Estimating causal effects for survival outcomes in the high-dimensional setting is an extremely important topic for many biomedical applications as well as areas of social sciences. We propose a new orthogonal score method for treatment effect estimation and inference that results in asymptotically valid confidence intervals assuming only good estimation properties of the hazard outcome model and the conditional probability of treatment. This guarantee allows us to provide valid inference for the conditional treatment effect under the high-dimensional additive hazards model under considerably more generality than existing approaches. In addition, we develop a new Hazards Difference (HDi), estimator. We showcase that our approach has double-robustness properties in high dimensions: with cross-fitting, the HDi estimate is consistent under a wide variety of treatment assignment models; the HDi estimate is also consistent when the hazards model is misspecified and instead the true data generating mechanism follows a partially linear additive hazards model.
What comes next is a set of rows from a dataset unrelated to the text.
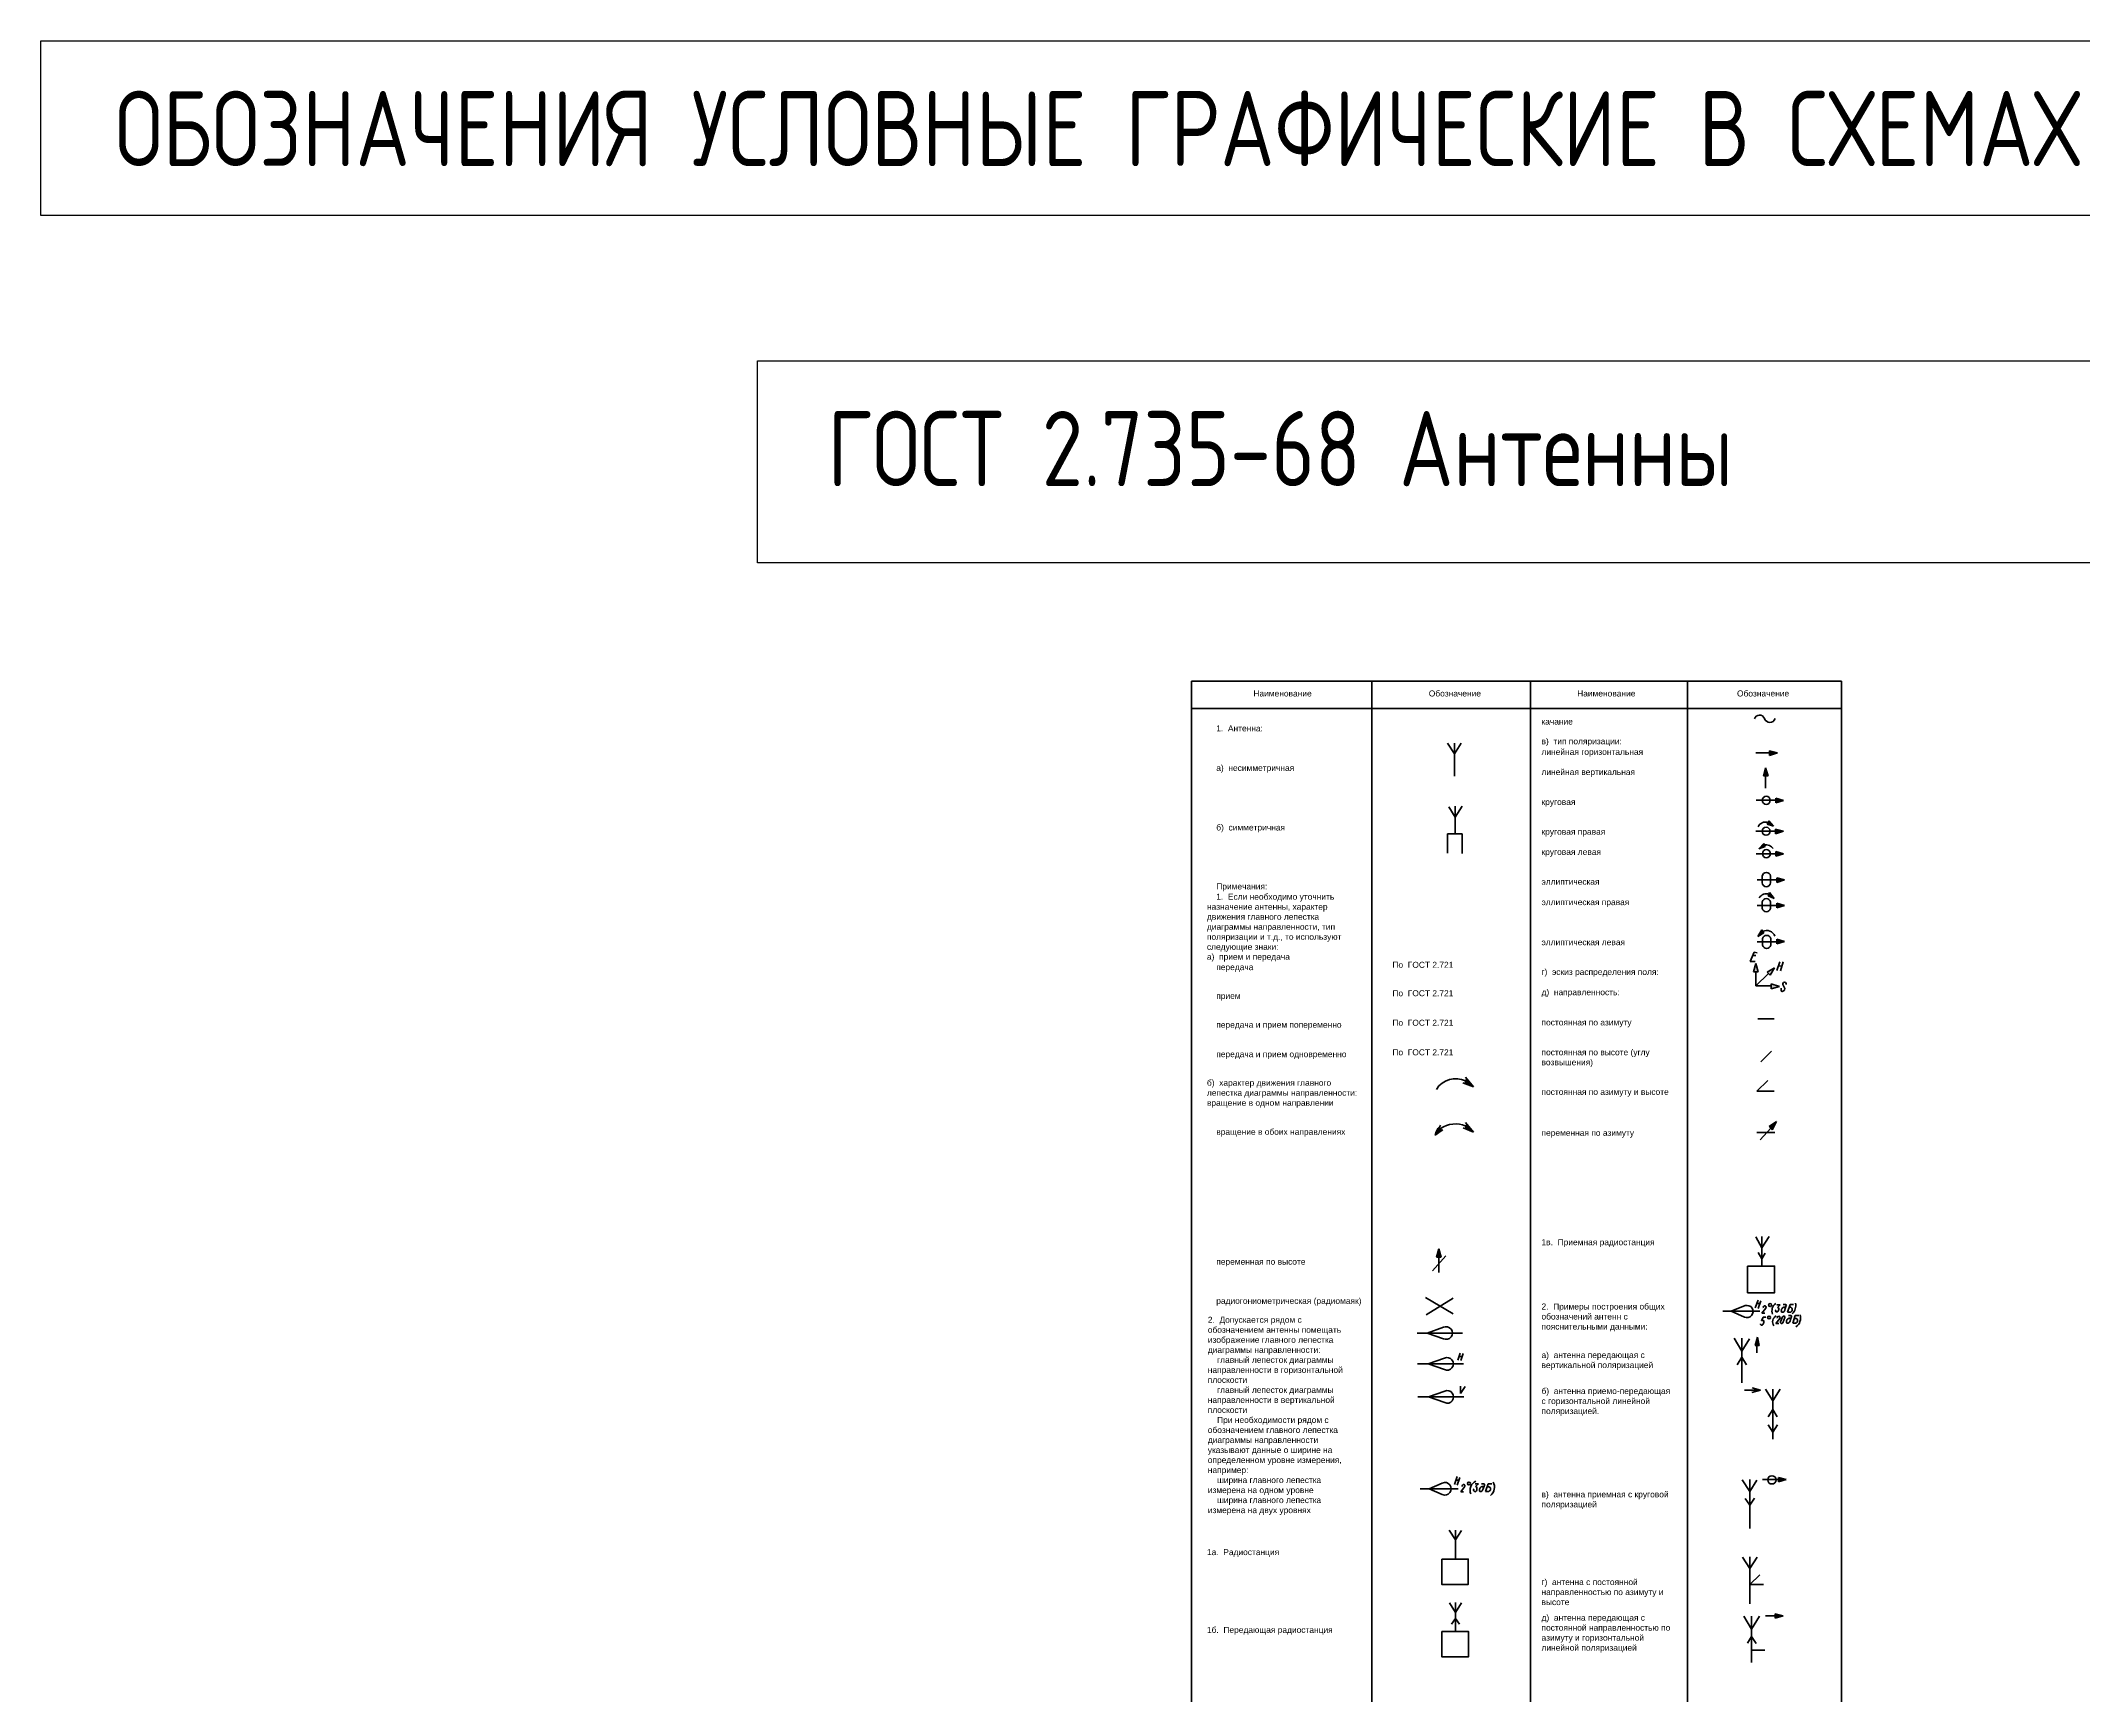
# Model space of a CAD drawing. Header units: millimetres. Extents: x -439143 to -438122, y 63765 to 65947.
# Drawn here: x -439143 to -438463, y 65396 to 65947 of the extents above; entities that cross this region are included whole.
import ezdxf

# ---------------------------------------------------------------- set-up
doc = ezdxf.new("R2010")
doc.units = ezdxf.units.MM
doc.layers.get('0').update_dxf_attribs({"color": 252})
doc.layers.add('основные линии', color=10, linetype='Continuous', lineweight=80)
doc.layers.add('основные линии @ 1', color=10, linetype='Continuous', lineweight=80)
doc.styles.get("Standard").update_dxf_attribs({"font": 'arial.ttf'})
doc.styles.add('Аннотативный', font='arial.ttf')

msp = doc.modelspace()

# ---------------------------------------------------------------- hatches: boundary and pattern name
at = {"layer": 'основные линии', "true_color": 0xffffff}
h = msp.add_hatch(color=7, dxfattribs=at)
h.dxf.hatch_style = 1
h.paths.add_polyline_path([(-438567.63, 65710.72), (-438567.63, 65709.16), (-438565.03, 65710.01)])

We further develop a novel sparsity doubly robust result, where either the outcome or the treatment model can be a fully dense high-dimensional model. We apply our methods to study the treatment effect of radical prostatectomy versus conservative management for prostate cancer patients using the SEER-Medicare Linked Data.

翻译：在高维环境下估计生存结果的因果效应，对于许多生物医学应用及社会科学领域而言，都是一个极其重要的课题。我们提出了一种新的正交评分方法，用于治疗效应的估计与推断，该方法仅需风险结果模型和治疗条件概率具备良好的估计性质，即可得到渐近有效的置信区间。这一保证使我们能够在比现有方法更一般的条件下，为高维加性风险模型下的条件治疗效应提供有效推断。此外，我们开发了一种新的风险差（HDi）估计量。我们证明，我们的方法在高维情形下具有双重稳健性：通过交叉拟合，HDi估计量在多种治疗分配模型下均具有一致性；当风险模型被错误设定，而真实数据生成机制遵循部分线性加性风险模型时，HDi估计量同样具有一致性。我们进一步提出了一种新颖的稀疏性双重稳健结果，即结果模型或治疗模型中可以有一个是完全稠密的高维模型。我们将所提方法应用于SEER-Medicare关联数据，以研究根治性前列腺切除术与保守治疗对前列腺癌患者的治疗效果。